In either topology, you are responsible for sizing, securing, and operating the Elasticsearch infrastructure, and (in the active-active topology) for managing replication between regions.

Prerequisites

Before enabling data plane failover, confirm the following:

  • You have an APC installation with separate control and data plane clusters (global.plane.mode: control on the control plane, global.plane.mode: data on each data plane). Failover isn’t supported in unified mode.
  • You have an external secrets store supported for APC data plane failover.
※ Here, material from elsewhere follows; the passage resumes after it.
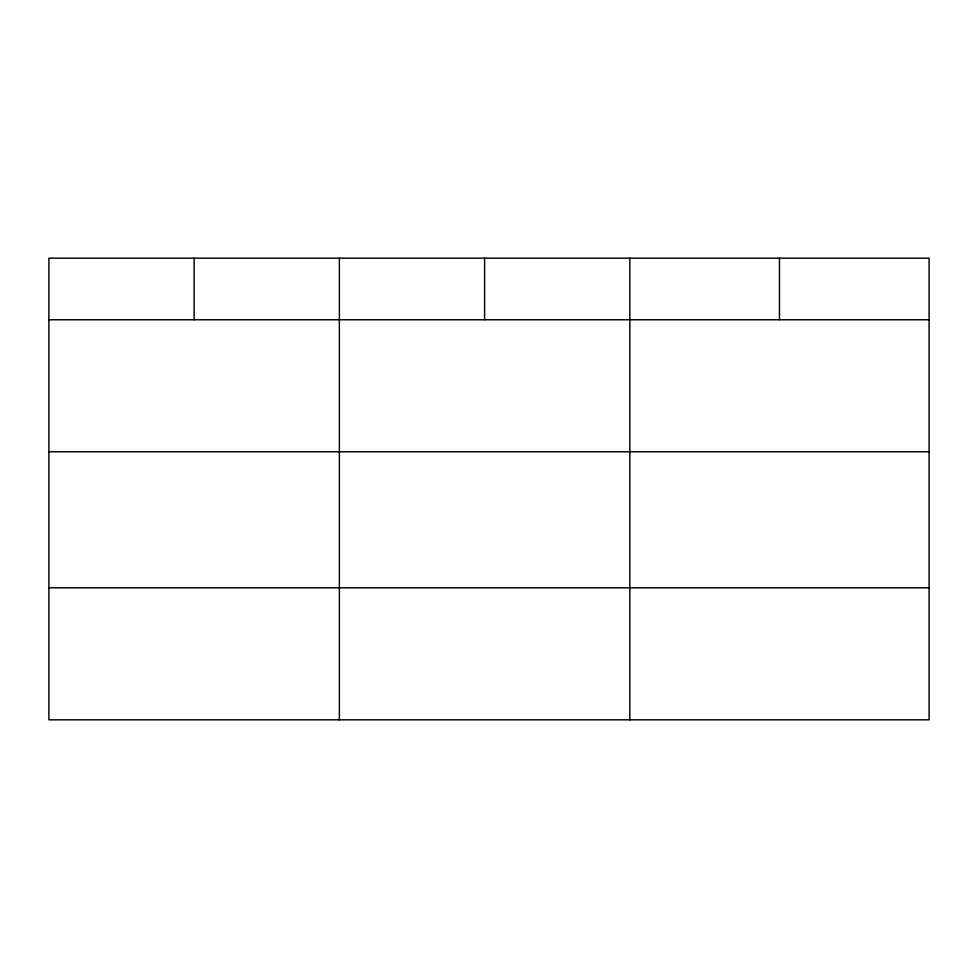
<?xml version="1.0" encoding="UTF-8"?>
<svg xmlns="http://www.w3.org/2000/svg" width="978" height="978" viewBox="0 0 978 978"><rect width="100%" height="100%" fill="white"/><g stroke="black" fill="none" stroke-linecap="round" stroke-linejoin="round"><path stroke-width="1.47" d="M929.1 451.775L929.1 258.18L48.9 258.18L48.9 719.82L929.1 719.82L929.1 451.775L48.9 451.775M48.9 319.757L929.1 319.757M48.9 587.802L929.1 587.802M779.466 258.18L779.466 319.757M629.832 258.18L629.832 719.82M484.599 258.18L484.599 319.757M339.366 258.18L339.366 719.82M194.133 258.18L194.133 319.757"/></g></svg>

APC currently supports AWS Secrets Manager and Google Cloud Secret Manager through ESO.
  • You have configured a ClusterSecretStore custom resource in your data plane clusters that points to that secrets store.
  • Your source and destination data plane clusters have network access to the external secrets store.
  • You have an external sink for Airflow logs — an external Elasticsearch instance — that is reachable from every data plane cluster. Shipping logs to an external sink is required so that Airflow task logs remain accessible after a Deployment moves between data planes. For supported topologies, see Airflow log sink requirements.
  • You have a destination cluster that is registered with the APC control plane and is healthy.
  • You have a single externally managed container registry endpoint, configured on the control plane, that every data plane in the APC installation can pull Airflow Deployment images from. For requirements, see Container registry requirements. To configure the registry backend, see Use a registry backend.

Limitations

The initial APC 2.0 release of data plane failover has the following limitations:

  • Image-based Deployments only: Failover is supported only for image-based Airflow Deployments. Deployments that use git-sync or Dag-only deploy mechanisms aren’t supported and can’t be failed over.
  • New clusters and Deployments only: Failover can’t be enabled on a data plane cluster that already has Airflow Deployments on it. The feature is supported only on newly registered failover-enabled data plane clusters and on Deployments created on those clusters after failover has been enabled. Existing Deployments on a pre-existing cluster can’t be retroactively brought under failover management.